Schools call for funding to prevent bullying

April 26, 2010 4:13:58 PM PDT
Students, teachers and lawmakers say more money is needed to fight bullying, which has expanded in recent years from the schoolyard to the Internet.

Last week, the Illinois House passed a measure that requires schools to fight bullying. On Monday, Congressman Danny Davis Jr said he wants national legislation to protect students from the harassment that has in some cases turned deadly.

High school seniors Sharnequa Washington and Brandon Brown say despite efforts to stop it, bullying is alive and well at Frederick Douglass Academy.

"Some people take it to heart and they want to fight," Washington said.

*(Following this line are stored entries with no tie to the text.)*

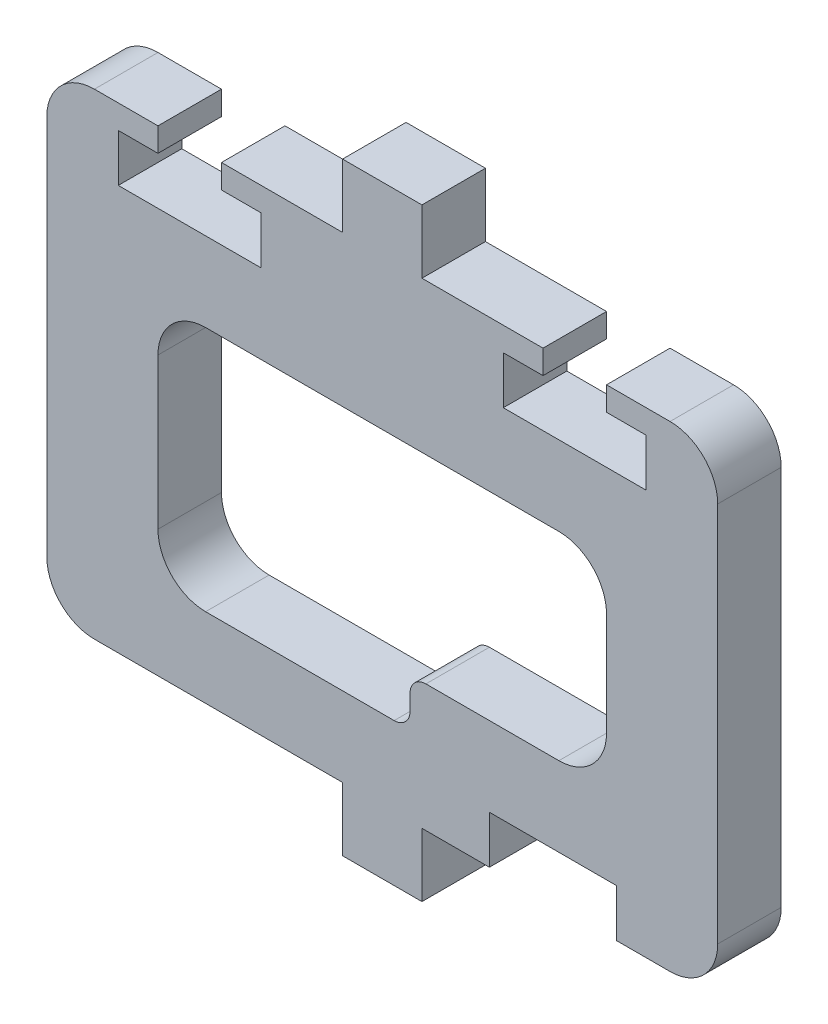
SolidWorks part; units mm, degrees
ref_plane "Alzado" through (0, 0, 0) normal (0, 0, 1) x (1, 0, 0)
ref_plane "Planta" through (0, 0, 0) normal (0, 1, 0) x (1, 0, 0)
ref_plane "Vista lateral" through (0, 0, 0) normal (1, 0, 0) x (0, 0, -1)
sketch "Croquis1" plane through (0, 0, 0) normal (0, 0, 1) x (1, 0, 0)
  line L0 (-102.6151, -94.222) -> (-98.3651, -94.222)
  line L1 (-98.3651, -94.222) -> (-98.3651, -91.222)
  line L2 (-107.6151, -60.222) -> (-105.1151, -60.222)
  line L3 (-102.6151, -64.222) -> (-94.9901, -64.222)
  line L4 (-107.6151, -94.222) -> (-123.2401, -94.222)
  line L5 (-105.1151, -60.222) -> (-102.6151, -60.222)
  line L6 (-102.6151, -60.222) -> (-102.6151, -64.222)
  line L7 (-94.9901, -64.222) -> (-94.9901, -65.722)
  line L8 (-94.9901, -65.722) -> (-97.4901, -65.722)
  line L9 (-97.4901, -65.722) -> (-97.4901, -68.722)
  line L10 (-97.4901, -68.722) -> (-88.4901, -68.722)
  line L11 (-88.4901, -68.722) -> (-88.4901, -65.722)
  line L12 (-88.4901, -65.722) -> (-90.9901, -65.722)
  line L13 (-90.9901, -65.722) -> (-90.9901, -64.222)
  line L14 (-119.2401, -64.222) -> (-123.2401, -64.222)
  line L15 (-83.9901, -91.222) -> (-83.9901, -67.222)
  line L16 (-90.9901, -64.222) -> (-86.9901, -64.222)
  line L17 (-119.2401, -65.722) -> (-119.2401, -64.222)
  line L18 (-121.7401, -65.722) -> (-119.2401, -65.722)
  line L19 (-121.7401, -68.722) -> (-121.7401, -65.722)
  line L20 (-121.7401, -68.722) -> (-112.7401, -68.722)
  line L21 (-112.7401, -65.722) -> (-112.7401, -68.722)
  line L22 (-115.2401, -65.722) -> (-112.7401, -65.722)
  line L23 (-115.2401, -64.222) -> (-115.2401, -65.722)
  line L24 (-107.6151, -60.222) -> (-107.6151, -64.222)
  line L25 (-107.6151, -64.222) -> (-115.2401, -64.222)
  line L26 (-107.6151, -98.222) -> (-107.6151, -94.222)
  line L27 (-102.6151, -98.222) -> (-102.6151, -94.222)
  line L28 (-105.1151, -98.222) -> (-102.6151, -98.222)
  line L29 (-107.6151, -98.222) -> (-105.1151, -98.222)
  line L30 (-98.3651, -91.222) -> (-90.3651, -91.222)
  line L31 (-90.3651, -91.222) -> (-90.3651, -94.222)
  line L32 (-126.2401, -91.222) -> (-126.2401, -67.222)
  line L33 (-86.9901, -94.222) -> (-90.3651, -94.222)
  arc A0 (-126.2401, -91.222) -> (-123.2401, -94.222) centre (-123.2401, -91.222) ccw
  arc A1 (-86.9901, -94.222) -> (-83.9901, -91.222) centre (-86.9901, -91.222) ccw
  arc A2 (-83.9901, -67.222) -> (-86.9901, -64.222) centre (-86.9901, -67.222) ccw
  arc A3 (-126.2401, -67.222) -> (-123.2401, -64.222) centre (-123.2401, -67.222) cw
  dimension "D1" = 3
extrude "Saliente-Extruir1" add sketch "Croquis1" along normal blind 4
sketch "Croquis2" plane through (0, 0, 4) normal (0, 0, 1) x (1, 0, 0)
  line L2 (-102.3651, -86.222) -> (-93.9901, -86.222)
  line L4 (-90.9901, -83.222) -> (-90.9901, -76.722)
  line L5 (-116.2401, -89.222) -> (-104.3651, -89.222)
  line L6 (-103.3651, -88.222) -> (-103.3651, -87.222)
  line L7 (-116.2401, -73.722) -> (-93.9901, -73.722)
  line L9 (-119.2401, -76.722) -> (-119.2401, -86.222)
  arc A0 (-119.2401, -86.222) -> (-116.2401, -89.222) centre (-116.2401, -86.222) ccw
  arc A1 (-93.9901, -86.222) -> (-90.9901, -83.222) centre (-93.9901, -83.222) ccw
  arc A2 (-90.9901, -76.722) -> (-93.9901, -73.722) centre (-93.9901, -76.722) ccw
  arc A3 (-116.2401, -73.722) -> (-119.2401, -76.722) centre (-116.2401, -76.722) ccw
  arc A4 (-104.3651, -89.222) -> (-103.3651, -88.222) centre (-104.3651, -88.222) ccw
  arc A5 (-103.3651, -87.222) -> (-102.3651, -86.222) centre (-102.3651, -87.222) cw
  dimension "D1" = 3
  dimension "D2" = 3
  dimension "D3" = 1
extrude "Cortar-Extruir1" cut sketch "Croquis2" against normal blind 4

"I try to ignore, whoever it was, I really don't care," Brown said.

United States Congressman Danny Davis told students, parents, and educators at the West Side school that help is on the way.

"If individuals, especially young people, learn to be violent, they will be violent," Congressman Davis said.

On Monday, Congressman Davis introduced a bill amending the Safe and Drug Free Schools Communities Act to include bullying and harassment prevention programs. The $410 million federal initiative is up for re-authorization next year.

"It is so important that we bring in legislation that catches up with 21sts Century technology," said Dr. Deborah Crump, principal at Frederick Douglass Academy.

The legislation calls for educational programs. It also defines bullying and harassment, as well as cyber bullying. High school athlete DeAndre Robinson was recently a victim of cyber bullying. He received hurtful and embarrassing text messages after he refused to wrestle at a school match.

"Wherever I went for like 2 months, it was like wow. It did something to me on the inside," said Robinson.

Experts say data shows almost 30-percent of youth in the United States-- or close to 6-million kids--- are involved in bullying either as a perpetrator or a target.

"While bullying has been around forever, recently we've seen several children take their own lives rather than continue to be subjected to bullying," said Meryl Camin Sosa, executive director, Illinois Psychiatric Society.

"I think we're going to go a long way to solving this problem," said Sarah Schriber, Illinois Safe Schools Alliance.

several communities including suburban Oak Park have successful programs to combat bullying. The Illinois legislature just passed a bill -- defining "bullying" and harassment. It's expected the governor will sign it into law early next month.